### WHAT YOU HAVE TO DO
Set down, exactly as written, every line from the one containing "[diagram v1b: schematic, after]" through the end of the listing.

### INPUT RECORDS
##########
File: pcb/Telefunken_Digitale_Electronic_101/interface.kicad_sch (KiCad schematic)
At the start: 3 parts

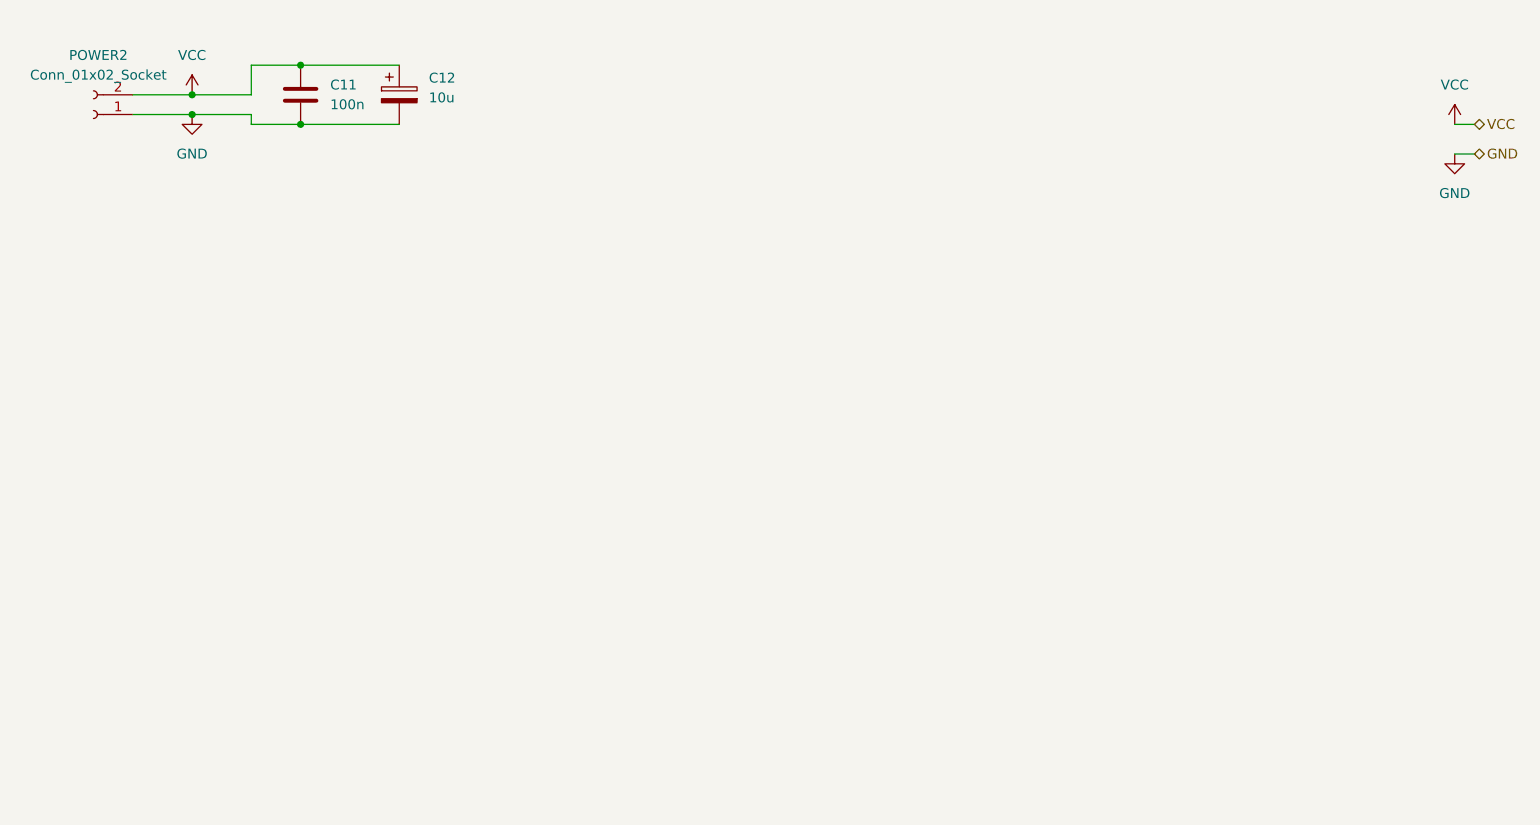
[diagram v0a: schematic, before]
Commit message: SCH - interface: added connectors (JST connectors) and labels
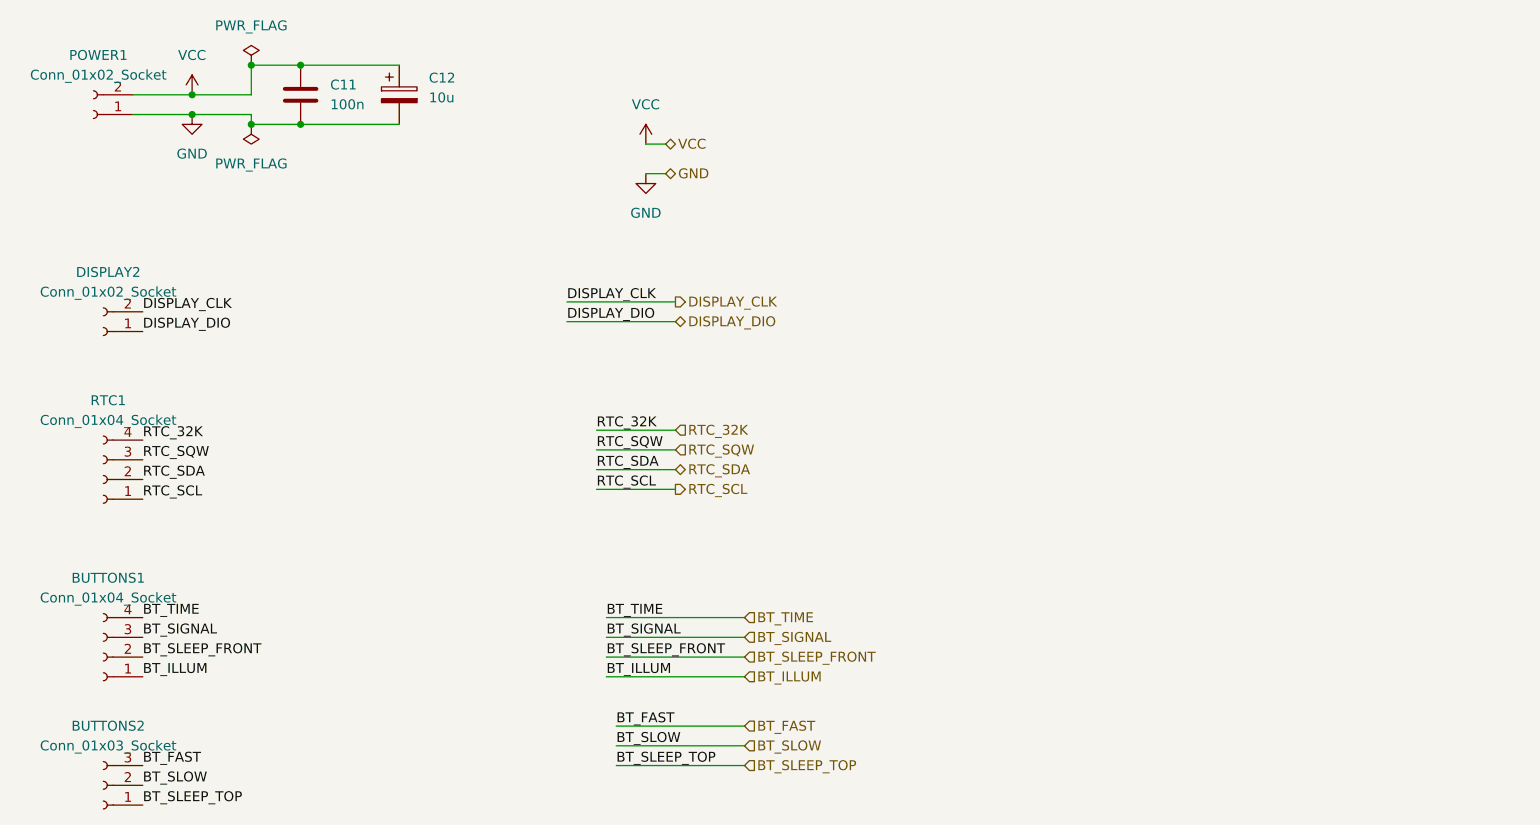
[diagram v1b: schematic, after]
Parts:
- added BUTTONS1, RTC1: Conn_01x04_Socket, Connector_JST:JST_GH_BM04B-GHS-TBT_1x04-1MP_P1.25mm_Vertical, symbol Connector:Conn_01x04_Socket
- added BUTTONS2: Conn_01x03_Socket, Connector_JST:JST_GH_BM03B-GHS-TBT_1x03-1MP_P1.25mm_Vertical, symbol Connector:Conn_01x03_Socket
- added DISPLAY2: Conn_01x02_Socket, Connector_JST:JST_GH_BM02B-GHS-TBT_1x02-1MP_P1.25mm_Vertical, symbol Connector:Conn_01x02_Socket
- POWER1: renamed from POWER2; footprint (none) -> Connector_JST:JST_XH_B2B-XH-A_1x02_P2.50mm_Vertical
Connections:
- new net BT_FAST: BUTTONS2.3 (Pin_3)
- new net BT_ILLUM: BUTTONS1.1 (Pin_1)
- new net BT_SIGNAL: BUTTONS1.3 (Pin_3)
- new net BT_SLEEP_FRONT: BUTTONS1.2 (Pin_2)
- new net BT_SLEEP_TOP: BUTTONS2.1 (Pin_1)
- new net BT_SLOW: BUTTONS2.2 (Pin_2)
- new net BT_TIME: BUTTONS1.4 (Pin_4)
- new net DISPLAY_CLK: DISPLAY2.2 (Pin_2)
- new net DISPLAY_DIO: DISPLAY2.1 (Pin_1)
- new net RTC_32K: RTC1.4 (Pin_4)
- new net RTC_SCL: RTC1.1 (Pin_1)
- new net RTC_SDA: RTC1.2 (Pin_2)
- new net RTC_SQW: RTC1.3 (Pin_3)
##########
### TASK SOLUTION
[diagram v1b: schematic, after]
Parts:
- added BUTTONS1, RTC1: Conn_01x04_Socket, Connector_JST:JST_GH_BM04B-GHS-TBT_1x04-1MP_P1.25mm_Vertical, symbol Connector:Conn_01x04_Socket
- added BUTTONS2: Conn_01x03_Socket, Connector_JST:JST_GH_BM03B-GHS-TBT_1x03-1MP_P1.25mm_Vertical, symbol Connector:Conn_01x03_Socket
- added DISPLAY2: Conn_01x02_Socket, Connector_JST:JST_GH_BM02B-GHS-TBT_1x02-1MP_P1.25mm_Vertical, symbol Connector:Conn_01x02_Socket
- POWER1: renamed from POWER2; footprint (none) -> Connector_JST:JST_XH_B2B-XH-A_1x02_P2.50mm_Vertical
Connections:
- new net BT_FAST: BUTTONS2.3 (Pin_3)
- new net BT_ILLUM: BUTTONS1.1 (Pin_1)
- new net BT_SIGNAL: BUTTONS1.3 (Pin_3)
- new net BT_SLEEP_FRONT: BUTTONS1.2 (Pin_2)
- new net BT_SLEEP_TOP: BUTTONS2.1 (Pin_1)
- new net BT_SLOW: BUTTONS2.2 (Pin_2)
- new net BT_TIME: BUTTONS1.4 (Pin_4)
- new net DISPLAY_CLK: DISPLAY2.2 (Pin_2)
- new net DISPLAY_DIO: DISPLAY2.1 (Pin_1)
- new net RTC_32K: RTC1.4 (Pin_4)
- new net RTC_SCL: RTC1.1 (Pin_1)
- new net RTC_SDA: RTC1.2 (Pin_2)
- new net RTC_SQW: RTC1.3 (Pin_3)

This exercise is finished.